Protokoll der Sitzung vom 13.12.2001

Dafür kriegen die Senatoren rund 300 000 DM im Jahr. Aber es kann doch nicht daraus bestehen, dass der eine hier als städtischer Partymeister bezeichnet wird und der andere als nationaler – Sie nicht, aber Sie werden auch als ein anderer bezeichnet – Talkshowheiliger. Oder ist die Bezeichnung von mir? – Das weiß ich jetzt nicht.

[Gelächter und Beifall bei der CDU und der PDS]

Regieren kann doch nicht daraus bestehen, zu feiern, zu Talkshows zu gehen, sondern in Berlin sagt man – das wissen Sie doch –: erst feste arbeiten und dann Feste feiern. Nur, ich vermisse bei der Überlegung, machen wir Olympische Spiele oder nicht, dass Sie sich wirklich handfest mit der Einnahmeseite beschäftigt haben. Das haben Sie überhaupt nicht gemacht. Das ist jetzt herausgeklungen an dem, was Herr Rexroth eben nachgefragt hat. Das geht völlig unter, das ist Ihnen peinlich. Sie verfahren nach der Methode, wie die „taz“ gestern oder vorgestern getitelt hat: Biete Airport gegen Olympische Spiele. Ich bin ja sonst kein „taz“-Leser, aber das will ich hier mal zitieren.

Und Herr Reiche, Minister des SPD in Brandenburg, hat gesagt: Erstens: Berlin ist die einzige Stadt in Deutschland, die sich erfolgreich um die Olympischen Spiele bewerben kann. Und zweitens: Herr Bisky hat auch gesagt, das ist eine große Chance für die Region Berlin-Brandenburg. In welcher Phase haben die das gesagt? – Das haben die in der Phase gesagt, als über das letzte Wochenende einige – ich auch, gutgläubig, wie ich manchmal bin – gedacht haben: Jetzt entscheiden die sich doch in diesem Koalitionshandel für die Olympischen Spiele. Aber nichts war.

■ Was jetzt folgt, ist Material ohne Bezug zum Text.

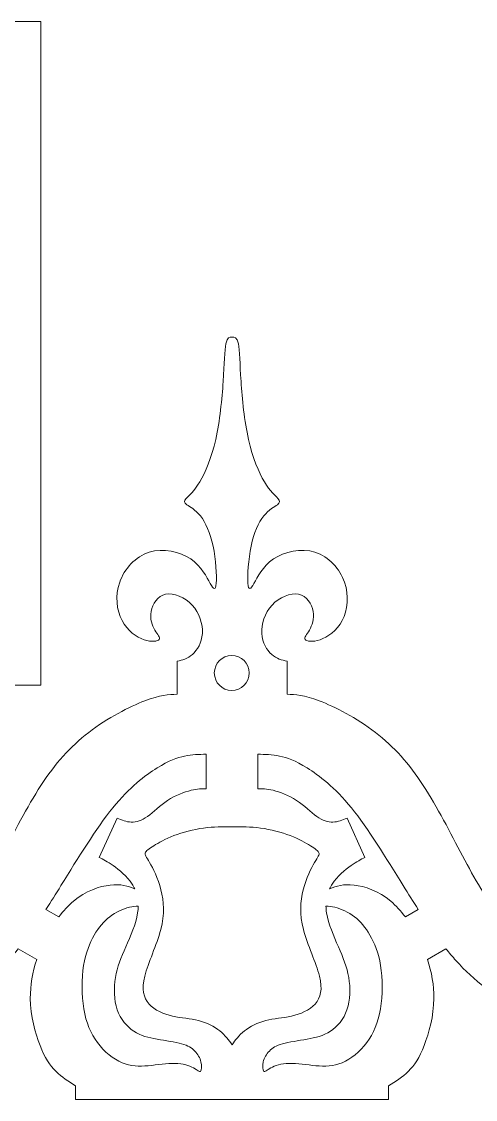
# Model space of a CAD drawing. Header units: millimetres. Extents: x -77 to 114, y -14 to 198.
# Drawn here: x -9.1 to 21.9, y 124.2 to 197.9 of the extents above; entities that cross this region are included whole.
import ezdxf

# ---------------------------------------------------------------- set-up
doc = ezdxf.new("R2010")
doc.units = ezdxf.units.MM
doc.header["$MEASUREMENT"] = 0
doc.layers.add('Default', color=7, linetype='Continuous')

msp = doc.modelspace()

# ---------------------------------------------------------------- linework, layer by layer
at = {"layer": 'Default', "lineweight": 9}
msp.add_ellipse((5.248, 153.368), major_axis=(0, 1.193), ratio=1, dxfattribs=at)
for points, knots in [([(-66.669, 152.534), (-66.669, 152.534), (-7.814, 152.534), (-7.814, 152.534), (-7.814, 152.534), (-7.814, 152.534), (-7.814, 197.899), (-7.814, 197.899), (-7.814, 197.899), (-7.814, 197.899), (-19.003, 197.899), (-19.003, 197.899)], [0, 0, 0, 0, 0.25, 0.25, 0.25, 0.25, 0.5, 0.5, 0.5, 0.5, 1, 1, 1, 1]), ([(5.27, 176.331), (5.101, 176.331), (4.933, 176.331), (4.842, 175.876), (4.842, 175.876), (4.752, 175.42), (4.739, 174.509), (4.659, 173.302), (4.659, 173.302), (4.579, 172.096), (4.431, 170.593), (4.148, 169.337), (4.148, 169.337), (3.865, 168.081), (3.446, 167.071), (3.058, 166.425), (3.058, 166.425), (2.671, 165.778), (2.313, 165.495), (2.141, 165.304), (2.141, 165.304), (1.969, 165.113), (1.981, 165.015), (2.178, 164.873), (2.178, 164.873), (2.375, 164.731), (2.757, 164.547), (3.107, 164.103), (3.107, 164.103), (3.458, 163.66), (3.779, 162.958), (3.97, 162.047), (3.97, 162.047), (4.16, 161.136), (4.222, 160.015), (4.185, 159.498), (4.185, 159.498), (4.148, 158.981), (4.013, 159.067), (3.773, 159.486), (3.773, 159.486), (3.533, 159.904), (3.187, 160.655), (2.443, 161.16), (2.443, 161.16), (1.698, 161.665), (0.552, 161.924), (-0.396, 161.628), (-0.396, 161.628), (-1.344, 161.333), (-2.095, 160.483), (-2.415, 159.566), (-2.415, 159.566), (-2.736, 158.648), (-2.625, 157.663), (-2.255, 156.955), (-2.255, 156.955), (-1.886, 156.247), (-1.258, 155.816), (-0.741, 155.637), (-0.741, 155.637), (-0.224, 155.459), (0.183, 155.533), (0.282, 155.662), (0.282, 155.662), (0.38, 155.791), (0.17, 155.976), (-0.014, 156.296), (-0.014, 156.296), (-0.199, 156.616), (-0.359, 157.072), (-0.267, 157.577), (-0.267, 157.577), (-0.174, 158.082), (0.171, 158.636), (0.725, 158.753), (0.725, 158.753), (1.279, 158.87), (2.042, 158.549), (2.541, 158.008), (2.541, 158.008), (3.04, 157.466), (3.274, 156.702), (3.237, 156.068), (3.237, 156.068), (3.2, 155.434), (2.892, 154.929), (2.56, 154.634), (2.56, 154.634), (2.227, 154.339), (1.87, 154.253), (1.513, 154.167)], [0, 0, 0, 0, 0.041667, 0.041667, 0.041667, 0.041667, 0.083333, 0.083333, 0.083333, 0.083333, 0.125, 0.125, 0.125, 0.125, 0.166667, 0.166667, 0.166667, 0.166667, 0.208333, 0.208333, 0.208333, 0.208333, 0.25, 0.25, 0.25, 0.25, 0.291667, 0.291667, 0.291667, 0.291667, 0.333333, 0.333333, 0.333333, 0.333333, 0.375, 0.375, 0.375, 0.375, 0.416667, 0.416667, 0.416667, 0.416667, 0.458333, 0.458333, 0.458333, 0.458333, 0.5, 0.5, 0.5, 0.5, 0.541667, 0.541667, 0.541667, 0.541667, 0.583333, 0.583333, 0.583333, 0.583333, 0.625, 0.625, 0.625, 0.625, 0.666667, 0.666667, 0.666667, 0.666667, 0.708333, 0.708333, 0.708333, 0.708333, 0.75, 0.75, 0.75, 0.75, 0.791667, 0.791667, 0.791667, 0.791667, 0.833333, 0.833333, 0.833333, 0.833333, 0.875, 0.875, 0.875, 0.875, 0.916667, 0.916667, 0.916667, 0.916667, 1, 1, 1, 1]), ([(5.27, 176.331), (5.439, 176.331), (5.608, 176.331), (5.698, 175.876), (5.698, 175.876), (5.789, 175.42), (5.801, 174.509), (5.881, 173.302), (5.881, 173.302), (5.961, 172.096), (6.109, 170.593), (6.392, 169.337), (6.392, 169.337), (6.675, 168.081), (7.094, 167.071), (7.482, 166.425), (7.482, 166.425), (7.87, 165.778), (8.227, 165.495), (8.399, 165.304), (8.399, 165.304), (8.572, 165.113), (8.559, 165.015), (8.363, 164.873), (8.363, 164.873), (8.165, 164.731), (7.784, 164.547), (7.433, 164.103), (7.433, 164.103), (7.082, 163.66), (6.761, 162.958), (6.571, 162.047), (6.571, 162.047), (6.38, 161.136), (6.318, 160.015), (6.355, 159.498), (6.355, 159.498), (6.392, 158.981), (6.528, 159.067), (6.767, 159.486), (6.767, 159.486), (7.008, 159.904), (7.353, 160.655), (8.098, 161.16), (8.098, 161.16), (8.843, 161.665), (9.988, 161.924), (10.936, 161.628), (10.936, 161.628), (11.884, 161.333), (12.636, 160.483), (12.956, 159.566), (12.956, 159.566), (13.276, 158.648), (13.165, 157.663), (12.796, 156.955), (12.796, 156.955), (12.426, 156.247), (11.798, 155.816), (11.281, 155.637), (11.281, 155.637), (10.764, 155.459), (10.357, 155.533), (10.259, 155.662), (10.259, 155.662), (10.16, 155.791), (10.37, 155.976), (10.554, 156.296), (10.554, 156.296), (10.739, 156.616), (10.899, 157.072), (10.807, 157.577), (10.807, 157.577), (10.715, 158.082), (10.37, 158.636), (9.815, 158.753), (9.815, 158.753), (9.261, 158.87), (8.498, 158.549), (7.999, 158.008), (7.999, 158.008), (7.501, 157.466), (7.266, 156.702), (7.303, 156.068), (7.303, 156.068), (7.34, 155.434), (7.648, 154.929), (7.981, 154.634), (7.981, 154.634), (8.313, 154.339), (8.671, 154.253), (9.028, 154.167)], [0, 0, 0, 0, 0.041667, 0.041667, 0.041667, 0.041667, 0.083333, 0.083333, 0.083333, 0.083333, 0.125, 0.125, 0.125, 0.125, 0.166667, 0.166667, 0.166667, 0.166667, 0.208333, 0.208333, 0.208333, 0.208333, 0.25, 0.25, 0.25, 0.25, 0.291667, 0.291667, 0.291667, 0.291667, 0.333333, 0.333333, 0.333333, 0.333333, 0.375, 0.375, 0.375, 0.375, 0.416667, 0.416667, 0.416667, 0.416667, 0.458333, 0.458333, 0.458333, 0.458333, 0.5, 0.5, 0.5, 0.5, 0.541667, 0.541667, 0.541667, 0.541667, 0.583333, 0.583333, 0.583333, 0.583333, 0.625, 0.625, 0.625, 0.625, 0.666667, 0.666667, 0.666667, 0.666667, 0.708333, 0.708333, 0.708333, 0.708333, 0.75, 0.75, 0.75, 0.75, 0.791667, 0.791667, 0.791667, 0.791667, 0.833333, 0.833333, 0.833333, 0.833333, 0.875, 0.875, 0.875, 0.875, 0.916667, 0.916667, 0.916667, 0.916667, 1, 1, 1, 1]), ([(1.513, 154.167), (1.513, 154.167), (1.513, 151.913), (1.513, 151.913), (1.513, 151.913), (0.934, 151.889), (0.355, 151.864), (-0.692, 151.464), (-0.692, 151.464), (-1.739, 151.063), (-3.253, 150.288), (-4.528, 149.309), (-4.528, 149.309), (-5.802, 148.33), (-6.837, 147.148), (-7.797, 145.676), (-7.797, 145.676), (-8.757, 144.205), (-9.644, 142.444), (-10.482, 140.861), (-10.482, 140.861), (-11.319, 139.279), (-12.107, 137.875), (-13.067, 136.797), (-13.067, 136.797), (-14.028, 135.72), (-15.161, 134.969), (-16.155, 134.526), (-16.155, 134.526), (-16.393, 134.42), (-16.623, 134.331), (-16.85, 134.258), (-16.85, 134.258), (-16.85, 134.258), (-16.85, 135.585), (-16.85, 135.585), (-16.85, 135.585), (-16.85, 135.585), (-17.677, 135.585), (-17.677, 135.585), (-17.677, 135.585), (-17.677, 135.585), (-17.677, 136.508), (-17.677, 136.508), (-17.677, 136.508), (-17.044, 136.698), (-16.428, 137.035), (-15.9, 137.672), (-15.9, 137.672), (-15.272, 138.429), (-14.767, 139.611), (-14.822, 140.849), (-14.822, 140.849), (-14.878, 142.086), (-15.494, 143.38), (-16.26, 144.186), (-16.26, 144.186), (-17.027, 144.993), (-17.945, 145.313), (-18.635, 145.436), (-18.635, 145.436), (-19.324, 145.559), (-19.786, 145.485), (-20.016, 145.485), (-20.016, 145.485), (-20.247, 145.485), (-20.247, 145.559), (-20.093, 145.614), (-20.093, 145.614), (-19.939, 145.67), (-19.631, 145.707), (-19.206, 145.793), (-19.206, 145.793), (-18.781, 145.879), (-18.239, 146.015), (-17.901, 146.286), (-17.901, 146.286), (-17.562, 146.556), (-17.427, 146.963), (-17.458, 147.301), (-17.458, 147.301), (-17.488, 147.64), (-17.686, 147.911), (-17.778, 148.108), (-17.778, 148.108), (-17.87, 148.305), (-17.858, 148.428), (-17.686, 148.631), (-17.686, 148.631), (-17.513, 148.835), (-17.181, 149.118), (-17.199, 149.573), (-17.199, 149.573), (-17.217, 150.029), (-17.587, 150.657), (-18.104, 150.971), (-18.104, 150.971), (-18.621, 151.285), (-19.286, 151.285), (-19.612, 151.205), (-19.612, 151.205), (-19.939, 151.125), (-19.927, 150.965), (-19.816, 150.7), (-19.816, 150.7), (-19.705, 150.435), (-19.495, 150.066), (-19.452, 149.647), (-19.452, 149.647), (-19.409, 149.229), (-19.533, 148.761), (-19.951, 148.428), (-19.951, 148.428), (-20.37, 148.096), (-21.084, 147.899), (-21.841, 147.757), (-21.841, 147.757), (-22.599, 147.616), (-23.399, 147.529), (-23.996, 147.283), (-23.996, 147.283), (-24.594, 147.037), (-24.988, 146.63), (-25.166, 146.249), (-25.166, 146.249), (-25.345, 145.867), (-25.308, 145.51), (-25.382, 145.257), (-25.382, 145.257), (-25.456, 145.005), (-25.641, 144.857), (-26.041, 144.556), (-26.041, 144.556), (-26.441, 144.254), (-27.057, 143.798), (-27.642, 143.059), (-27.642, 143.059), (-28.226, 142.32), (-28.781, 141.298), (-29.063, 140.036), (-29.063, 140.036), (-29.304, 138.964), (-29.349, 137.72), (-29.162, 136.495), (-29.162, 136.495), (-29.162, 136.495), (-31.719, 136.495), (-31.719, 136.495), (-31.719, 136.495), (-31.719, 136.495), (-31.719, 137.862), (-31.719, 137.862), (-31.719, 137.862), (-31.719, 137.862), (-32.669, 137.862), (-32.669, 137.862)], [0, 0, 0, 0, 0.025, 0.025, 0.025, 0.025, 0.05, 0.05, 0.05, 0.05, 0.075, 0.075, 0.075, 0.075, 0.1, 0.1, 0.1, 0.1, 0.125, 0.125, 0.125, 0.125, 0.15, 0.15, 0.15, 0.15, 0.175, 0.175, 0.175, 0.175, 0.2, 0.2, 0.2, 0.2, 0.225, 0.225, 0.225, 0.225, 0.25, 0.25, 0.25, 0.25, 0.275, 0.275, 0.275, 0.275, 0.3, 0.3, 0.3, 0.3, 0.325, 0.325, 0.325, 0.325, 0.35, 0.35, 0.35, 0.35, 0.375, 0.375, 0.375, 0.375, 0.4, 0.4, 0.4, 0.4, 0.425, 0.425, 0.425, 0.425, 0.45, 0.45, 0.45, 0.45, 0.475, 0.475, 0.475, 0.475, 0.5, 0.5, 0.5, 0.5, 0.525, 0.525, 0.525, 0.525, 0.55, 0.55, 0.55, 0.55, 0.575, 0.575, 0.575, 0.575, 0.6, 0.6, 0.6, 0.6, 0.625, 0.625, 0.625, 0.625, 0.65, 0.65, 0.65, 0.65, 0.675, 0.675, 0.675, 0.675, 0.7, 0.7, 0.7, 0.7, 0.725, 0.725, 0.725, 0.725, 0.75, 0.75, 0.75, 0.75, 0.775, 0.775, 0.775, 0.775, 0.8, 0.8, 0.8, 0.8, 0.825, 0.825, 0.825, 0.825, 0.85, 0.85, 0.85, 0.85, 0.875, 0.875, 0.875, 0.875, 0.9, 0.9, 0.9, 0.9, 0.925, 0.925, 0.925, 0.925, 0.95, 0.95, 0.95, 0.95, 1, 1, 1, 1]), ([(9.028, 154.167), (9.028, 154.167), (9.028, 151.913), (9.028, 151.913), (9.028, 151.913), (9.606, 151.889), (10.185, 151.864), (11.232, 151.464), (11.232, 151.464), (12.279, 151.063), (13.793, 150.288), (15.068, 149.309), (15.068, 149.309), (16.342, 148.33), (17.377, 147.148), (18.337, 145.676), (18.337, 145.676), (19.298, 144.205), (20.185, 142.444), (21.022, 140.861), (21.022, 140.861), (21.859, 139.279), (22.647, 137.875), (23.608, 136.797), (23.608, 136.797), (24.568, 135.72), (25.701, 134.969), (26.696, 134.526), (26.696, 134.526), (26.934, 134.42), (27.164, 134.331), (27.391, 134.258), (27.391, 134.258), (27.391, 134.258), (27.391, 135.585), (27.391, 135.585), (27.391, 135.585), (27.391, 135.585), (28.218, 135.585), (28.218, 135.585), (28.218, 135.585), (28.218, 135.585), (28.218, 136.508), (28.218, 136.508), (28.218, 136.508), (27.584, 136.698), (26.968, 137.035), (26.44, 137.672), (26.44, 137.672), (25.812, 138.429), (25.307, 139.611), (25.362, 140.849), (25.362, 140.849), (25.418, 142.086), (26.034, 143.38), (26.801, 144.186), (26.801, 144.186), (27.567, 144.993), (28.485, 145.313), (29.175, 145.436), (29.175, 145.436), (29.865, 145.559), (30.326, 145.485), (30.557, 145.485), (30.557, 145.485), (30.787, 145.485), (30.787, 145.559), (30.633, 145.614), (30.633, 145.614), (30.479, 145.67), (30.171, 145.707), (29.746, 145.793), (29.746, 145.793), (29.322, 145.879), (28.78, 146.015), (28.441, 146.286), (28.441, 146.286), (28.102, 146.556), (27.967, 146.963), (27.998, 147.301), (27.998, 147.301), (28.028, 147.64), (28.226, 147.911), (28.318, 148.108), (28.318, 148.108), (28.411, 148.305), (28.398, 148.428), (28.226, 148.631), (28.226, 148.631), (28.054, 148.835), (27.721, 149.118), (27.739, 149.573), (27.739, 149.573), (27.758, 150.029), (28.127, 150.657), (28.644, 150.971), (28.644, 150.971), (29.161, 151.285), (29.827, 151.285), (30.153, 151.205), (30.153, 151.205), (30.479, 151.125), (30.467, 150.965), (30.356, 150.7), (30.356, 150.7), (30.245, 150.435), (30.036, 150.066), (29.993, 149.647), (29.993, 149.647), (29.95, 149.229), (30.073, 148.761), (30.491, 148.428), (30.491, 148.428), (30.91, 148.096), (31.625, 147.899), (32.382, 147.757), (32.382, 147.757), (33.139, 147.616), (33.94, 147.529), (34.537, 147.283), (34.537, 147.283), (35.134, 147.037), (35.528, 146.63), (35.706, 146.249), (35.706, 146.249), (35.885, 145.867), (35.848, 145.51), (35.922, 145.257), (35.922, 145.257), (35.996, 145.005), (36.181, 144.857), (36.581, 144.556), (36.581, 144.556), (36.981, 144.254), (37.597, 143.798), (38.182, 143.059), (38.182, 143.059), (38.767, 142.32), (39.321, 141.298), (39.604, 140.036), (39.604, 140.036), (39.844, 138.964), (39.889, 137.72), (39.702, 136.495), (39.702, 136.495), (39.702, 136.495), (42.259, 136.495), (42.259, 136.495), (42.259, 136.495), (42.259, 136.495), (42.259, 137.862), (42.259, 137.862), (42.259, 137.862), (42.259, 137.862), (43.209, 137.862), (43.209, 137.862)], [0, 0, 0, 0, 0.025, 0.025, 0.025, 0.025, 0.05, 0.05, 0.05, 0.05, 0.075, 0.075, 0.075, 0.075, 0.1, 0.1, 0.1, 0.1, 0.125, 0.125, 0.125, 0.125, 0.15, 0.15, 0.15, 0.15, 0.175, 0.175, 0.175, 0.175, 0.2, 0.2, 0.2, 0.2, 0.225, 0.225, 0.225, 0.225, 0.25, 0.25, 0.25, 0.25, 0.275, 0.275, 0.275, 0.275, 0.3, 0.3, 0.3, 0.3, 0.325, 0.325, 0.325, 0.325, 0.35, 0.35, 0.35, 0.35, 0.375, 0.375, 0.375, 0.375, 0.4, 0.4, 0.4, 0.4, 0.425, 0.425, 0.425, 0.425, 0.45, 0.45, 0.45, 0.45, 0.475, 0.475, 0.475, 0.475, 0.5, 0.5, 0.5, 0.5, 0.525, 0.525, 0.525, 0.525, 0.55, 0.55, 0.55, 0.55, 0.575, 0.575, 0.575, 0.575, 0.6, 0.6, 0.6, 0.6, 0.625, 0.625, 0.625, 0.625, 0.65, 0.65, 0.65, 0.65, 0.675, 0.675, 0.675, 0.675, 0.7, 0.7, 0.7, 0.7, 0.725, 0.725, 0.725, 0.725, 0.75, 0.75, 0.75, 0.75, 0.775, 0.775, 0.775, 0.775, 0.8, 0.8, 0.8, 0.8, 0.825, 0.825, 0.825, 0.825, 0.85, 0.85, 0.85, 0.85, 0.875, 0.875, 0.875, 0.875, 0.9, 0.9, 0.9, 0.9, 0.925, 0.925, 0.925, 0.925, 0.95, 0.95, 0.95, 0.95, 1, 1, 1, 1]), ([(-2.587, 143.453), (-2.587, 143.453), (-3.806, 140.756), (-3.806, 140.756), (-3.806, 140.756), (-3.535, 140.621), (-3.264, 140.485), (-2.858, 140.201), (-2.858, 140.201), (-2.451, 139.918), (-1.909, 139.487), (-1.565, 138.936), (-1.565, 138.936), (-1.499, 138.83), (-1.44, 138.72), (-1.389, 138.606), (-1.389, 138.606), (-1.839, 138.822), (-2.36, 138.948), (-3.064, 138.869), (-3.064, 138.869), (-3.8, 138.786), (-4.736, 138.477), (-5.582, 137.76), (-5.582, 137.76), (-5.93, 137.465), (-6.264, 137.101), (-6.572, 136.692), (-6.572, 136.692), (-6.572, 136.692), (-7.456, 137.203), (-7.456, 137.203), (-7.456, 137.203), (-7.115, 137.731), (-6.774, 138.276), (-6.43, 138.829), (-6.43, 138.829), (-5.248, 140.731), (-4.029, 142.739), (-2.884, 144.149), (-2.884, 144.149), (-1.739, 145.559), (-0.667, 146.372), (0.143, 146.878), (0.143, 146.878), (0.954, 147.384), (1.504, 147.583), (2.021, 147.687), (2.021, 147.687), (2.538, 147.792), (3.023, 147.802), (3.507, 147.812), (3.507, 147.812), (3.507, 147.812), (3.507, 145.448), (3.507, 145.448)], [0, 0, 0, 0, 0.066667, 0.066667, 0.066667, 0.066667, 0.133333, 0.133333, 0.133333, 0.133333, 0.2, 0.2, 0.2, 0.2, 0.266667, 0.266667, 0.266667, 0.266667, 0.333333, 0.333333, 0.333333, 0.333333, 0.4, 0.4, 0.4, 0.4, 0.466667, 0.466667, 0.466667, 0.466667, 0.533333, 0.533333, 0.533333, 0.533333, 0.6, 0.6, 0.6, 0.6, 0.666667, 0.666667, 0.666667, 0.666667, 0.733333, 0.733333, 0.733333, 0.733333, 0.8, 0.8, 0.8, 0.8, 0.866667, 0.866667, 0.866667, 0.866667, 1, 1, 1, 1]), ([(13.127, 143.453), (13.127, 143.453), (14.346, 140.756), (14.346, 140.756), (14.346, 140.756), (14.075, 140.621), (13.804, 140.485), (13.398, 140.201), (13.398, 140.201), (12.992, 139.918), (12.45, 139.487), (12.105, 138.936), (12.105, 138.936), (12.039, 138.83), (11.98, 138.72), (11.929, 138.606), (11.929, 138.606), (12.38, 138.822), (12.901, 138.948), (13.604, 138.869), (13.604, 138.869), (14.34, 138.786), (15.276, 138.477), (16.122, 137.76), (16.122, 137.76), (16.471, 137.465), (16.804, 137.101), (17.112, 136.692), (17.112, 136.692), (17.112, 136.692), (17.996, 137.203), (17.996, 137.203), (17.996, 137.203), (17.655, 137.731), (17.314, 138.276), (16.97, 138.829), (16.97, 138.829), (15.788, 140.731), (14.569, 142.739), (13.424, 144.149), (13.424, 144.149), (12.279, 145.559), (11.207, 146.372), (10.397, 146.878), (10.397, 146.878), (9.586, 147.384), (9.036, 147.583), (8.519, 147.687), (8.519, 147.687), (8.002, 147.792), (7.517, 147.802), (7.033, 147.812), (7.033, 147.812), (7.033, 147.812), (7.033, 145.448), (7.033, 145.448)], [0, 0, 0, 0, 0.066667, 0.066667, 0.066667, 0.066667, 0.133333, 0.133333, 0.133333, 0.133333, 0.2, 0.2, 0.2, 0.2, 0.266667, 0.266667, 0.266667, 0.266667, 0.333333, 0.333333, 0.333333, 0.333333, 0.4, 0.4, 0.4, 0.4, 0.466667, 0.466667, 0.466667, 0.466667, 0.533333, 0.533333, 0.533333, 0.533333, 0.6, 0.6, 0.6, 0.6, 0.666667, 0.666667, 0.666667, 0.666667, 0.733333, 0.733333, 0.733333, 0.733333, 0.8, 0.8, 0.8, 0.8, 0.866667, 0.866667, 0.866667, 0.866667, 1, 1, 1, 1]), ([(3.507, 145.448), (3.212, 145.454), (2.917, 145.46), (2.462, 145.346), (2.462, 145.346), (2.007, 145.232), (1.39, 144.998), (0.861, 144.654), (0.861, 144.654), (0.332, 144.309), (-0.112, 143.853), (-0.515, 143.567), (-0.515, 143.567), (-0.918, 143.28), (-1.282, 143.163), (-1.62, 143.173), (-1.62, 143.173), (-1.959, 143.182), (-2.273, 143.317), (-2.587, 143.453)], [0, 0, 0, 0, 0.166667, 0.166667, 0.166667, 0.166667, 0.333333, 0.333333, 0.333333, 0.333333, 0.5, 0.5, 0.5, 0.5, 0.666667, 0.666667, 0.666667, 0.666667, 1, 1, 1, 1]), ([(7.033, 145.448), (7.328, 145.454), (7.623, 145.46), (8.078, 145.346), (8.078, 145.346), (8.534, 145.232), (9.15, 144.998), (9.679, 144.654), (9.679, 144.654), (10.208, 144.309), (10.652, 143.853), (11.055, 143.567), (11.055, 143.567), (11.458, 143.28), (11.822, 143.163), (12.16, 143.173), (12.16, 143.173), (12.499, 143.182), (12.813, 143.317), (13.127, 143.453)], [0, 0, 0, 0, 0.166667, 0.166667, 0.166667, 0.166667, 0.333333, 0.333333, 0.333333, 0.333333, 0.5, 0.5, 0.5, 0.5, 0.666667, 0.666667, 0.666667, 0.666667, 1, 1, 1, 1]), ([(5.27, 142.861), (4.64, 142.861), (4.01, 142.861), (3.322, 142.766), (3.322, 142.766), (2.634, 142.67), (1.889, 142.479), (1.292, 142.251), (1.292, 142.251), (0.695, 142.024), (0.245, 141.759), (-0.084, 141.553), (-0.084, 141.553), (-0.413, 141.346), (-0.623, 141.198), (-0.669, 141.066), (-0.669, 141.066), (-0.715, 140.934), (-0.598, 140.817), (-0.368, 140.416), (-0.368, 140.416), (-0.137, 140.016), (0.208, 139.333), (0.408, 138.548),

[Zuruf: Drei Minuten sind vorbei!]

Herr Kollege Rabbach! Bitte kommen Sie zum Schluss!

Ja! – Der Schlusssatz: Es wäre auch eine große Chance für Brandenburg, Leipzig usw. gewesen, wenn wir das machen würden. Diese Chance nehmen Sie mutwillig nicht wahr, weil Sie konzeptlos und mutwillig so handeln. Deswegen bitte ich Sie alle sehr herzlich: Überlegen Sie alle noch einmal, und stimmen Sie dem Antrag der CDU zu. – Schönen Dank!

[Beifall bei der CDU]

Vielen Dank den Rednern für ihre temperamentvollen Interventionen. Es liegt eine weitere Wortmeldung vor. – Von der Fraktion der FDP Herr Dr. Lindner!

Herr Präsident! Meine Damen und Herren! Die vergangenen Debattenbeiträge haben gezeigt, dass hier einige Begriffe durcheinander geraten. Da wird geredet vom Sparen, von Olympia, von Kita, vom öffentlichen Dienst usw. Das gibt uns Anlass, die Sachen einmal einzuordnen, wo Olympia eigentlich hingehört.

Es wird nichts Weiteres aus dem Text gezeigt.